SVOBODA: No, my brother and I have invested in a brewery that’s going to open in Silver Spring. It’s two married lesbians, and the brother-in-law of one has moved here from Denver to be the brewmaster. They’re building it now on East-West Highway. Hopefully, they’ll be opening by the end of May.

The restaurant I’m working on is actually with my first boyfriend. In seventh grade, David was my boyfriend. David is gay. He was the executive [sous] chef at the Inn at Little Washington. He’s one of the most creative chefs, ever. And I’m a foodie. I’m a gourmand and foodie, two different things. I love sort of the highbrow stuff, but I also love the creative genius. I really enjoyed Minibar when it was the six or eight seats. Because I’m a geek! I love the science. I have all the stuff to do that, all the agar agar, all the different chemicals.
MW: How do you feel about foam?

SVOBODA: Hello! I’ve got my foam guns up there. [Points to a cabinet.] I’ve got both the carbon dioxide and the nitrous oxide to make the different whipped creams and foams.

MW: How much time do you spend in D.C. versus Richmond?

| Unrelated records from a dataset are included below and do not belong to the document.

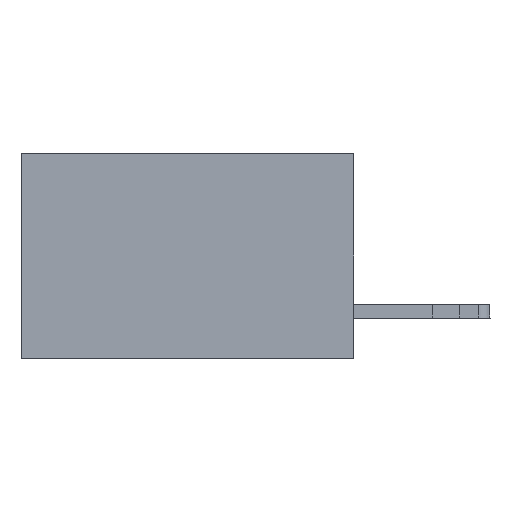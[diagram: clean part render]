
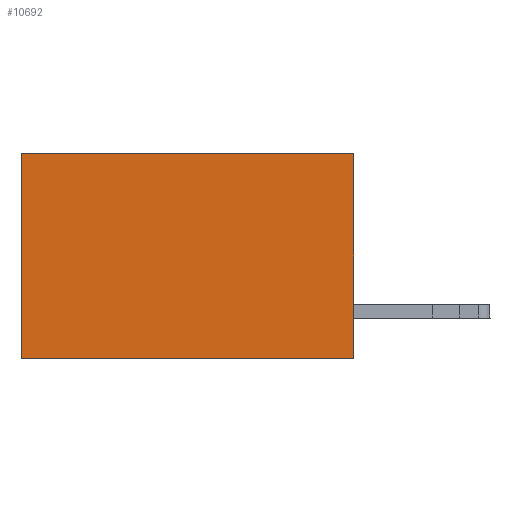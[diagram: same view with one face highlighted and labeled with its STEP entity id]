
A CAD part, left-side view. The second image highlights one B-rep face of the part: STEP entity #10692.
In plain terms, the highlighted planar face has unit normal (-1, 0, 0).
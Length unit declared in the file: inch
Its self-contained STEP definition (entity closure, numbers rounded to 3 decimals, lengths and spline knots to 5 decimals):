
#848 = EDGE_CURVE ( 'NONE', #33089, #3639, #27671, .T. ) ;
#1227 = CARTESIAN_POINT ( 'NONE',  ( 0.2875, 0., 0. ) ) ;
#2221 = AXIS2_PLACEMENT_3D ( 'NONE', #31386, #6322, #25877 ) ;
#2822 = CARTESIAN_POINT ( 'NONE',  ( 0.2875, 0., -0.37 ) ) ;
#3515 = CARTESIAN_POINT ( 'NONE',  ( 0.2875, 0.6, -0.37 ) ) ;
#3639 = VERTEX_POINT ( 'NONE', #3515 ) ;
#4885 = DIRECTION ( 'NONE',  ( 0., 1., 0. ) ) ;
#5343 = VECTOR ( 'NONE', #28262, 39.37008 ) ;
#5694 = LINE ( 'NONE', #9353, #14071 ) ;
#6322 = DIRECTION ( 'NONE',  ( 1., 0., 0. ) ) ;
#8162 = EDGE_LOOP ( 'NONE', ( #18713, #31500, #11507, #28973 ) ) ;
#9353 = CARTESIAN_POINT ( 'NONE',  ( 0.2875, 0., 0. ) ) ;
#10692 = ADVANCED_FACE ( 'NONE', ( #21265 ), #23042, .F. ) ;
#11507 = ORIENTED_EDGE ( 'NONE', *, *, #15139, .F. ) ;
#12050 = DIRECTION ( 'NONE',  ( 0., 1., 0. ) ) ;
#12131 = CARTESIAN_POINT ( 'NONE',  ( 0.2875, 0., 0. ) ) ;
#12524 = LINE ( 'NONE', #12131, #33036 ) ;
#14071 = VECTOR ( 'NONE', #12050, 39.37008 ) ;
#15139 = EDGE_CURVE ( 'NONE', #16399, #28501, #12524, .T. ) ;
#16399 = VERTEX_POINT ( 'NONE', #1227 ) ;
#18713 = ORIENTED_EDGE ( 'NONE', *, *, #848, .T. ) ;
#18750 = LINE ( 'NONE', #21618, #33571 ) ;
#20510 = DIRECTION ( 'NONE',  ( 0., 0., -1. ) ) ;
#20876 = EDGE_CURVE ( 'NONE', #16399, #33089, #5694, .T. ) ;
#21265 = FACE_OUTER_BOUND ( 'NONE', #8162, .T. ) ;
#21618 = CARTESIAN_POINT ( 'NONE',  ( 0.2875, 0., -0.37 ) ) ;
#23042 = PLANE ( 'NONE',  #2221 ) ;
#25877 = DIRECTION ( 'NONE',  ( 0., 0., -1. ) ) ;
#27671 = LINE ( 'NONE', #28567, #5343 ) ;
#28262 = DIRECTION ( 'NONE',  ( 0., 0., -1. ) ) ;
#28501 = VERTEX_POINT ( 'NONE', #2822 ) ;
#28567 = CARTESIAN_POINT ( 'NONE',  ( 0.2875, 0.6, 0. ) ) ;
#28973 = ORIENTED_EDGE ( 'NONE', *, *, #20876, .T. ) ;
#31386 = CARTESIAN_POINT ( 'NONE',  ( 0.2875, 0., 0. ) ) ;
#31500 = ORIENTED_EDGE ( 'NONE', *, *, #35930, .F. ) ;
#31773 = CARTESIAN_POINT ( 'NONE',  ( 0.2875, 0.6, 0. ) ) ;
#33036 = VECTOR ( 'NONE', #20510, 39.37008 ) ;
#33089 = VERTEX_POINT ( 'NONE', #31773 ) ;
#33571 = VECTOR ( 'NONE', #4885, 39.37008 ) ;
#35930 = EDGE_CURVE ( 'NONE', #28501, #3639, #18750, .T. ) ;
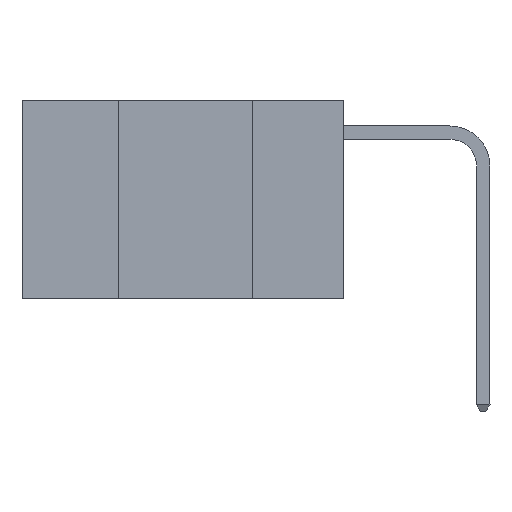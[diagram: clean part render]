
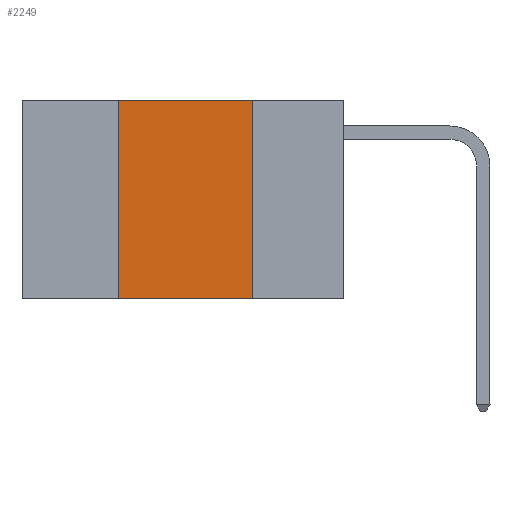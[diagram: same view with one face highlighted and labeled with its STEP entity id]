
A CAD part, left-side view. The second image highlights one B-rep face of the part: STEP entity #2249.
In plain terms, the highlighted planar face has unit normal (-1, 0, 0).
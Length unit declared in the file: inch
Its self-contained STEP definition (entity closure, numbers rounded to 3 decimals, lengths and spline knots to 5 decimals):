
#257 = DIRECTION ( 'NONE',  ( 1., 0., 0. ) ) ;
#1612 = DIRECTION ( 'NONE',  ( 0., 0., -1. ) ) ;
#1764 = FACE_OUTER_BOUND ( 'NONE', #1833, .T. ) ;
#1833 = EDGE_LOOP ( 'NONE', ( #13238, #8446, #10135, #4008 ) ) ;
#2215 = LINE ( 'NONE', #6876, #5067 ) ;
#2249 = ADVANCED_FACE ( 'NONE', ( #1764 ), #2335, .F. ) ;
#2334 = VERTEX_POINT ( 'NONE', #12935 ) ;
#2335 = PLANE ( 'NONE',  #5334 ) ;
#3248 = DIRECTION ( 'NONE',  ( 0., -1., 0. ) ) ;
#4008 = ORIENTED_EDGE ( 'NONE', *, *, #13743, .T. ) ;
#4715 = DIRECTION ( 'NONE',  ( 0., 0., -1. ) ) ;
#5067 = VECTOR ( 'NONE', #3248, 39.37008 ) ;
#5113 = VECTOR ( 'NONE', #1612, 39.37008 ) ;
#5334 = AXIS2_PLACEMENT_3D ( 'NONE', #7074, #257, #4715 ) ;
#5447 = LINE ( 'NONE', #11311, #11535 ) ;
#5459 = DIRECTION ( 'NONE',  ( 0., 0., 1. ) ) ;
#5510 = EDGE_CURVE ( 'NONE', #12103, #14495, #9694, .T. ) ;
#5529 = CARTESIAN_POINT ( 'NONE',  ( 0., 0.42, 0. ) ) ;
#5576 = EDGE_CURVE ( 'NONE', #7747, #2334, #14422, .T. ) ;
#6803 = CARTESIAN_POINT ( 'NONE',  ( 0., 0.17, 0. ) ) ;
#6876 = CARTESIAN_POINT ( 'NONE',  ( 0., 0.6, -0.37 ) ) ;
#6992 = CARTESIAN_POINT ( 'NONE',  ( 0., 0.42, -0.37 ) ) ;
#7074 = CARTESIAN_POINT ( 'NONE',  ( 0., 0.6, 0. ) ) ;
#7363 = CARTESIAN_POINT ( 'NONE',  ( 0., 0.17, -0.37 ) ) ;
#7747 = VERTEX_POINT ( 'NONE', #6992 ) ;
#8446 = ORIENTED_EDGE ( 'NONE', *, *, #12960, .F. ) ;
#9694 = LINE ( 'NONE', #11913, #5113 ) ;
#10135 = ORIENTED_EDGE ( 'NONE', *, *, #5576, .F. ) ;
#11261 = VECTOR ( 'NONE', #5459, 39.37008 ) ;
#11311 = CARTESIAN_POINT ( 'NONE',  ( 0., 0.6, 0. ) ) ;
#11535 = VECTOR ( 'NONE', #13369, 39.37008 ) ;
#11913 = CARTESIAN_POINT ( 'NONE',  ( 0., 0.17, 0. ) ) ;
#12103 = VERTEX_POINT ( 'NONE', #6803 ) ;
#12935 = CARTESIAN_POINT ( 'NONE',  ( 0., 0.42, 0. ) ) ;
#12960 = EDGE_CURVE ( 'NONE', #2334, #12103, #5447, .T. ) ;
#13238 = ORIENTED_EDGE ( 'NONE', *, *, #5510, .F. ) ;
#13369 = DIRECTION ( 'NONE',  ( 0., -1., 0. ) ) ;
#13743 = EDGE_CURVE ( 'NONE', #7747, #14495, #2215, .T. ) ;
#14422 = LINE ( 'NONE', #5529, #11261 ) ;
#14495 = VERTEX_POINT ( 'NONE', #7363 ) ;

SVOBODA: It all depends on the projects. When I’m working on the restaurant with David, I’ll be in Richmond for most of the next three months. If something pops up in D.C., I’ll be here.

MW: There’s no day job, per se? Just projects?

SVOBODA: Right. I turned 50 a year ago. I had been doing a lot of stuff. A lot of my life had been doing stuff for others, being there for family. I hit 50 and it was the epiphany of it was time for me to figure out what I am going to do with my life, separate from everyone else’s lives. So last year I just started doing things that mattered to me, that I wanted to do.

MW: Looking at the video you made recently with Michael Rohrbaugh, is that something you would’ve done five years ago?

SVOBODA: I would not have had the luxury of the time to be able to drop everything. It was just me and Michael, for the most part, pulling that thing together. The week before shooting, it was just me and Michael trying to raise the rest of the money and get the equipment we needed. I dropped everything and got on the phone and started re-connecting with folks I hadn’t spoken to in eons out in L.A. Little by little, everybody was like, “I don’t have that piece of equipment, but so-and-so owes me a favor so call them and use my name.” Within that one week, we raised the money — well, not all the money, we’re still raising money.